Between August 2013 and July 2015, 1.15 million people had access to sanitation facilities following CLTS activities (Figure 2). During the period May 2014–July 2015, we conducted 56 chiefdom orientations across 20 districts where the total number of chiefdoms is 72. Among these chiefdoms the number of villages per chiefdom ranges from 6 to 509, with a median of 102. Of these chiefdoms, during the stated analysis period, three reached universal coverage of adequate latrine access and four more had a mean village universal coverage attainment of 95%. Since running the analysis and writing this paper, an additional seven chiefdoms reached universal coverage in the 20 districts.

Figure 2.
Figure 2.

Monthly village median number of number of individuals with household-level access to adequate sanitation following CLTS before and after chiefdom orientations for villages receiving the chiefdom orientation (intervention) and those not receiving the chiefdom orientation (control). This figure appears in color at www.ajtmh.org.

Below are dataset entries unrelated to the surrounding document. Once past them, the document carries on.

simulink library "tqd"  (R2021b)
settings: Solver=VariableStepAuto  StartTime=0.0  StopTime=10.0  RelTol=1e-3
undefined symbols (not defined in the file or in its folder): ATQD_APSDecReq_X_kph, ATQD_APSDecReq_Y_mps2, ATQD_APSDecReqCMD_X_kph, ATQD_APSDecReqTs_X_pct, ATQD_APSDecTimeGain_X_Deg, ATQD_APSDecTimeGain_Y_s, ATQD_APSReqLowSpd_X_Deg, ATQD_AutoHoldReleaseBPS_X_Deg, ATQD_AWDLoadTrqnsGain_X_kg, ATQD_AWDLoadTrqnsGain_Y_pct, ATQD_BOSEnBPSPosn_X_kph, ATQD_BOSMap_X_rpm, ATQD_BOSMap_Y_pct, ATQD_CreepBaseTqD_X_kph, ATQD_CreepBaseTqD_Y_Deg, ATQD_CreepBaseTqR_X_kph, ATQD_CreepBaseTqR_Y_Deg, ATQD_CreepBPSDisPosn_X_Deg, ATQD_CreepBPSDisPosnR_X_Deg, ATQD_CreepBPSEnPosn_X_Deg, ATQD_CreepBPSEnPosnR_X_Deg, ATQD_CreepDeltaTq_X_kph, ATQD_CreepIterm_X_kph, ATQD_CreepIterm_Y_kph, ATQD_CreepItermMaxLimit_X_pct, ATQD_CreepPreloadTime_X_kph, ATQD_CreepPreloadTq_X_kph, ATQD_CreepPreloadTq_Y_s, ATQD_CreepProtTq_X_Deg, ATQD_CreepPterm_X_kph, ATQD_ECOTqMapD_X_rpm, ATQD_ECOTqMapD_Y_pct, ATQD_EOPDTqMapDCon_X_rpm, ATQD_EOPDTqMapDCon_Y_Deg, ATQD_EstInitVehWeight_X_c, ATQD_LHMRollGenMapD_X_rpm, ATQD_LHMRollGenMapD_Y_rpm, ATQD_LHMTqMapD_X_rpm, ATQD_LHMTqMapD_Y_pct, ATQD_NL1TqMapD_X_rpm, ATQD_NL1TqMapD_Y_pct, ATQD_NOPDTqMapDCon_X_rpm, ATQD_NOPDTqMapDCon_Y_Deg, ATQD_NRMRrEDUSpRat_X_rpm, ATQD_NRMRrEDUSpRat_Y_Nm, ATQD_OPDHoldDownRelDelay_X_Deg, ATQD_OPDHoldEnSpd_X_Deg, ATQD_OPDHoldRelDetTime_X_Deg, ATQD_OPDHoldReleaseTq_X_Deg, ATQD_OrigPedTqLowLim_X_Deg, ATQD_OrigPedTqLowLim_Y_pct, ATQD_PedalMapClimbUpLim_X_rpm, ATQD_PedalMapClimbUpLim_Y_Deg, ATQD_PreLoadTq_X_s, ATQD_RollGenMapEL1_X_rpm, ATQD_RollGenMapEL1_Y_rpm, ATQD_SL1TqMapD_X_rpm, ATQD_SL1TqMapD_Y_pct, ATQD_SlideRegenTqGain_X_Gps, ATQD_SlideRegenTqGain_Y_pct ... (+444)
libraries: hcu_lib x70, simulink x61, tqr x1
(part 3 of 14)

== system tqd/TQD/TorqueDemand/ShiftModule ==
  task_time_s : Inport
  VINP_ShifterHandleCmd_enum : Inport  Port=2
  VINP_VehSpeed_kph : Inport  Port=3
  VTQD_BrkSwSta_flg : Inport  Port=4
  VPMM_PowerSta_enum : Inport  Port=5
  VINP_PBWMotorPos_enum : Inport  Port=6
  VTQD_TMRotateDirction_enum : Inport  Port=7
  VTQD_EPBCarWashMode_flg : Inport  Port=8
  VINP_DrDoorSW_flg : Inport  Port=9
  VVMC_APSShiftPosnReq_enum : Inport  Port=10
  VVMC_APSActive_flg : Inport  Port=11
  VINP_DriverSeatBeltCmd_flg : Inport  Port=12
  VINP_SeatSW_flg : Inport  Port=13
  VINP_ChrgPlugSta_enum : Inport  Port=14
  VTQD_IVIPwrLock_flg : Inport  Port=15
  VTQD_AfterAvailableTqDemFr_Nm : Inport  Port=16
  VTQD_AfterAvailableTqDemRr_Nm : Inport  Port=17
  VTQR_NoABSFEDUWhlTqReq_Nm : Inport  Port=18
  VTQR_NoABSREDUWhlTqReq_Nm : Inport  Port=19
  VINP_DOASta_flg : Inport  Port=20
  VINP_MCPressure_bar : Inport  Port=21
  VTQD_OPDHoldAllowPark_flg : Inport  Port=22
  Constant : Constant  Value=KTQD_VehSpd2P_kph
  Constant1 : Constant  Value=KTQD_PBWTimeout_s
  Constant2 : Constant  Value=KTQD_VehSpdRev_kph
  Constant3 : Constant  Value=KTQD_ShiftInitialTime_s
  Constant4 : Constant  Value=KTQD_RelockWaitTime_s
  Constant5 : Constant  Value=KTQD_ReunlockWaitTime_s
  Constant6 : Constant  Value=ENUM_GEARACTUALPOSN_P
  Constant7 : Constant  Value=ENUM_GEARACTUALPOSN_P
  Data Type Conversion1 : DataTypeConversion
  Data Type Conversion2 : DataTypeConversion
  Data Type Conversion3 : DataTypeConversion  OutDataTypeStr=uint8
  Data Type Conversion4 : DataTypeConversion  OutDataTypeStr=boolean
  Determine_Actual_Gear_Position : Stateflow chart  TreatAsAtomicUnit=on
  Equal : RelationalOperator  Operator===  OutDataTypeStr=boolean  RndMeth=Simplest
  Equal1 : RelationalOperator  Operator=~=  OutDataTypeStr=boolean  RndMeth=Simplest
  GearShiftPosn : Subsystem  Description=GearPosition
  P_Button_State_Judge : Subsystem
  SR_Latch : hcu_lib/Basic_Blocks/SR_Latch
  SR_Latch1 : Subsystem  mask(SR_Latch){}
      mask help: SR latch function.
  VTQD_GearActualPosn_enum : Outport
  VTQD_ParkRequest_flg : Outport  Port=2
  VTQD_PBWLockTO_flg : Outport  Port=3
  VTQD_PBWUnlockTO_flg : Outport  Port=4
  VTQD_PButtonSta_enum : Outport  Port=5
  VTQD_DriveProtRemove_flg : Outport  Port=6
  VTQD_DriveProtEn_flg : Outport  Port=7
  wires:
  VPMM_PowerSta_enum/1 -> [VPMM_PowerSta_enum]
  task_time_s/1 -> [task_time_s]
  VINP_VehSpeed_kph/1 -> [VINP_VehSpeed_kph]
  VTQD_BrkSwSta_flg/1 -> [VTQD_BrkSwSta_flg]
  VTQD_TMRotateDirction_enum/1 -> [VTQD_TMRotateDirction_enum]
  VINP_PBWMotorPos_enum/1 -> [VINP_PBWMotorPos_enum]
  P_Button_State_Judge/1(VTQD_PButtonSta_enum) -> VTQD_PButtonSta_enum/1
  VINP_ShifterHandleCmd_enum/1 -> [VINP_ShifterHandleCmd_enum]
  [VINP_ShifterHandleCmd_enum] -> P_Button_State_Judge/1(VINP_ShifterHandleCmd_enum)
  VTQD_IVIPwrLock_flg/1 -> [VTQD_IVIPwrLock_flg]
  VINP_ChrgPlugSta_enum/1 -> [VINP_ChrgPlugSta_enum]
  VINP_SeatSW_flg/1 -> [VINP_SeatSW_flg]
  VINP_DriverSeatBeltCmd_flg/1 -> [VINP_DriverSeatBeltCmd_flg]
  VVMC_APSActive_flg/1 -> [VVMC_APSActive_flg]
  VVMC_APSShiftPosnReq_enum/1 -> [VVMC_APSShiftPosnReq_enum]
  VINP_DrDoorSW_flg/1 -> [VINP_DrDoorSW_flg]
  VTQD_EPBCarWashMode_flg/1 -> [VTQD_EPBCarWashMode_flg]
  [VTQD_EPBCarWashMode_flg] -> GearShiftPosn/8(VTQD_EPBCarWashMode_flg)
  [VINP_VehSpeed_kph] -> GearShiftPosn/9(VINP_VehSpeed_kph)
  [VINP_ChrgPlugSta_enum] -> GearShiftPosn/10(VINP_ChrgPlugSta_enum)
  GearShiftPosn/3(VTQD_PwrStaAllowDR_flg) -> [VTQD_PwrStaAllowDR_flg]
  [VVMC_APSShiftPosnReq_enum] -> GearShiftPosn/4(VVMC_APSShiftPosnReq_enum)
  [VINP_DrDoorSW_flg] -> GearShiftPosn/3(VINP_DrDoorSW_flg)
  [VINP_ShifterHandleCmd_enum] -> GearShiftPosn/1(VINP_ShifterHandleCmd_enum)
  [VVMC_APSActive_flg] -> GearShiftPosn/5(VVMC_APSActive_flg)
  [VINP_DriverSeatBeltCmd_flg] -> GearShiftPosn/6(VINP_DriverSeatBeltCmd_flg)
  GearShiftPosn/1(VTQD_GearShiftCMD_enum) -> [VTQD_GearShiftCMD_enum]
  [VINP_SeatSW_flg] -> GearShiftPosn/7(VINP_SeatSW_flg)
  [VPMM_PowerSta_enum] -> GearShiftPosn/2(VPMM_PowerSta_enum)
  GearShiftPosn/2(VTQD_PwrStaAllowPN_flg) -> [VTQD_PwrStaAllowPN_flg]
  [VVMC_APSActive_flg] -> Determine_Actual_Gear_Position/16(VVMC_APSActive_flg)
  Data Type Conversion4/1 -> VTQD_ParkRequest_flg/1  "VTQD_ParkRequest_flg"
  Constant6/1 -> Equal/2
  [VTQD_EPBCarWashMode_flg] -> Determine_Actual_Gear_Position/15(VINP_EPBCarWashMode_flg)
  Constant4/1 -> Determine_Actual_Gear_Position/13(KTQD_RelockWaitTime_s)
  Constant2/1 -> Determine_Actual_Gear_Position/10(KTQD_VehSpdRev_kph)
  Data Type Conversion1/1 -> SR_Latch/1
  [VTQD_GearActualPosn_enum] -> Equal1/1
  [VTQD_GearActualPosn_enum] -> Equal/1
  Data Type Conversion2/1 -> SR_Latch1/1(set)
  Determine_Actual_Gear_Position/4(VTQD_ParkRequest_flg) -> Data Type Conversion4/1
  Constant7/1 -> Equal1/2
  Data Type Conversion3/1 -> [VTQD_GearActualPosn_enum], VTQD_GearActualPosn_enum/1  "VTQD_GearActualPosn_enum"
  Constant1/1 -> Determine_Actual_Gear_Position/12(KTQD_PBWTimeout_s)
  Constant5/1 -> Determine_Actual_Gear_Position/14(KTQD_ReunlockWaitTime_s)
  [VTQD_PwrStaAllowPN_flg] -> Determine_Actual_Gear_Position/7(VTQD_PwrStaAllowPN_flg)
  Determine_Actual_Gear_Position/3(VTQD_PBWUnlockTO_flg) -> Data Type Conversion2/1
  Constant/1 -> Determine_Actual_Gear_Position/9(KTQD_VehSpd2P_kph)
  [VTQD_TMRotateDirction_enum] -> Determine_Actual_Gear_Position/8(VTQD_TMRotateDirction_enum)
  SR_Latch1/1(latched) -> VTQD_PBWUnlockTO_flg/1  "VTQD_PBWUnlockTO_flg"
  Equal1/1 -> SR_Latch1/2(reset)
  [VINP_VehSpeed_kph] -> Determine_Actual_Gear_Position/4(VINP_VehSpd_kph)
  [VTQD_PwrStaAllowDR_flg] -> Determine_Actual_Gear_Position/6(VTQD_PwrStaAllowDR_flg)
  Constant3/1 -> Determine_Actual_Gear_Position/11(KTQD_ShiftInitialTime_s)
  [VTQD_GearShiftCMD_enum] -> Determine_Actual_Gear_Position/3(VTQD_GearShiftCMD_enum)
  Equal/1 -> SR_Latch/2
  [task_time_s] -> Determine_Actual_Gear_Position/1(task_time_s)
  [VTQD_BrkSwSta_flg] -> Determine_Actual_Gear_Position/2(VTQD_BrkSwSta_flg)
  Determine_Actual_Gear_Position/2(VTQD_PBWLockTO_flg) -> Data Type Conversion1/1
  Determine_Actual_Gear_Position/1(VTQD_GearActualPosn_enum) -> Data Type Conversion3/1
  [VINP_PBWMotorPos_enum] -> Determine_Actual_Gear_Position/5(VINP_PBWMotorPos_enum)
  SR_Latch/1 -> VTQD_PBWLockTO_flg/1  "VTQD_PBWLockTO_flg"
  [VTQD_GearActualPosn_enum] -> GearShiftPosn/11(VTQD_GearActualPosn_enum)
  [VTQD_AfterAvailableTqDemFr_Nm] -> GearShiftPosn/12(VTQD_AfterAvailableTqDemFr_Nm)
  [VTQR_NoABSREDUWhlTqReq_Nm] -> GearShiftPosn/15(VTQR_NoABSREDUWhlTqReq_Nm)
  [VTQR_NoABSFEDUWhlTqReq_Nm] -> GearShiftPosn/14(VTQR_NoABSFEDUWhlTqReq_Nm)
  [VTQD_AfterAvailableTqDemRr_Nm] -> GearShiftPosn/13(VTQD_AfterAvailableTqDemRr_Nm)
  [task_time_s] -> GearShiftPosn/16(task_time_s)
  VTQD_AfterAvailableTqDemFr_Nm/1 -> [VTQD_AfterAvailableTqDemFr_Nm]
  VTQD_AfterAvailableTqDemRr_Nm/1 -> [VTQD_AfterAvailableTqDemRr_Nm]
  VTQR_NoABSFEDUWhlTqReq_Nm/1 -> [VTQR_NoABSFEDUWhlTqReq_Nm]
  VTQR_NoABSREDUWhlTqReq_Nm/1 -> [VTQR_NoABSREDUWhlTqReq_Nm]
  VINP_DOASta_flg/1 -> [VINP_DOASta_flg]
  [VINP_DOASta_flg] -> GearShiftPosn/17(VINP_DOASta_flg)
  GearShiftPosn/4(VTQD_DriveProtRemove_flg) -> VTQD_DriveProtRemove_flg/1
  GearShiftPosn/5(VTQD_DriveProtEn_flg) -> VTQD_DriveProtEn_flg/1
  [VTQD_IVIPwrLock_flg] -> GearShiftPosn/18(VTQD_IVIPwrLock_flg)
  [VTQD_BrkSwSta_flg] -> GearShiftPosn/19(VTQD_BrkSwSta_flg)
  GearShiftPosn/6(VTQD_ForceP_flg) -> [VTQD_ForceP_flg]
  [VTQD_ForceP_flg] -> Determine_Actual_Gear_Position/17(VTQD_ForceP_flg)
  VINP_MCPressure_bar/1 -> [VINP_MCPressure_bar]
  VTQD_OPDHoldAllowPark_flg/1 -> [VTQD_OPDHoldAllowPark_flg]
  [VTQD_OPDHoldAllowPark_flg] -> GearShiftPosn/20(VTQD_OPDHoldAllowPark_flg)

Citation: The American Journal of Tropical Medicine and Hygiene 97, 5; 10.4269/ajtmh.16-0612

Time-to-event analysis.

Between August 2013 and July 2015, a total of 3,137 villages of the 10,932 that were first entered into DHIS2 achieved universal coverage of adequate latrine access. Among villages reaching universal coverage, time to reaching ranged from 3 to 23 months, with a median of 12 months. The Cox proportional hazard model of 10,932 villages and 72 chiefdoms found that after chiefdom orientation the probability of villages reaching universal coverage increased by approximately 23% (Table 1). Smaller villages were more likely to reach universal coverage than larger villages. Variation in the probability of a village achieving universal coverage was also demonstrated at the provincial level, with villages in Central Province most likely to reach universal coverage during the period and villages in Lusaka Province least likely to achieve universal coverage during the period.

Table 1

Results from a survival regression assessing the association between chiefdom orientation and the probability of a village achieving universal sanitation coverage

FactorHazard ratio (95% CI)P value
Chiefdom orientationBefore orientationReferenceReference
Postorientation1.263 (1.080–1.478)0.003
Village size< 15 housesReferenceReference
15–23 houses0.750 (0.673–0.836)< 0.0001
24–34 houses0.660 (0.589–0.739)< 0.0001
35–53 houses0.530 (0.471–0.596)< 0.0001
> 53 houses0.372 (0.327–0.424)< 0.0001

CI = confidence interval. The model accounted for different chiefdoms through a shared frailty and province through a covariate. N (villages) = 10,932; N (chiefdoms) = 73.

Interrupted time series.

The interrupted time series results indicate that the chiefdom orientations were associated with a 30.4% increase in the number of individuals with household-level latrine access after accounting for temporal trends (95% confidence interval [CI] = 28.8–32.0%) (Table 2) suggesting that orientating chiefs in the CLTS surveillance program had a large impact on individual access to sanitation. Before chiefdom orientations, the number of individuals with household-level latrine access increased 3.0% per month (95% CI = 2.8–3.1%). Immediately following the 30% increase from chiefdom orientations, the rate of increase in the number of individuals with household-level latrine access decreased to 2.2% per month (95% CI = 1.8–2.5%).

Table 2

Results from interrupted time series regression assessing the association between log-transformed individuals with household-level latrine access before and after involving chiefs and traditional leaders via chiefdom orientations

FactorCoefficient (95% CI)P value
Monthly trendBefore or without orientation0.0295 (0.0283 to 0.3068)< 0.0001
Postorientation−0.0081 (−0.0103 to −0.0059)< 0.0001
PeriodBefore or without orientationReferenceReference
Postorientation0.3038 (0.2876 to 0.3200)< 0.0001

CI = confidence interval. The model accounted for different chiefdoms through a covariate and for correlated data at the village level using a random intercept. N (villages) = 10,304.

DISCUSSION

Following the empowerment of chiefs through increased CLTS knowledge and elevated CC status in the chiefdom via chiefdom orientations, access to sanitation greatly improved in rural Zambia. Chiefdom orientations have proven to be a powerful tool in not only directly engaging chiefs, but also leveraging their traditional influence to improve behavior change practices at village level. In this case, chiefdom orientations increased CLTS knowledge, elevated the perception of CCs within chiefdoms, and contributed to the improvement in access to sanitation. Although chiefs in Zambia are aware of the CLTS program,11 the chiefdom orientations provide a powerful event to bring all key stakeholders together to discuss and plan for increasing access to sanitation. Most importantly, the orientations create accountability: village headmen/women set sanitation targets and present their targets to the chief, thus providing the chief a benchmark with which to measure progress. With continued follow-up throughout the chiefdom after the orientations, the probability of a village achieving universal coverage of sanitation increased by 23% and the number of individuals with to household-level latrine access increased by 30.4%.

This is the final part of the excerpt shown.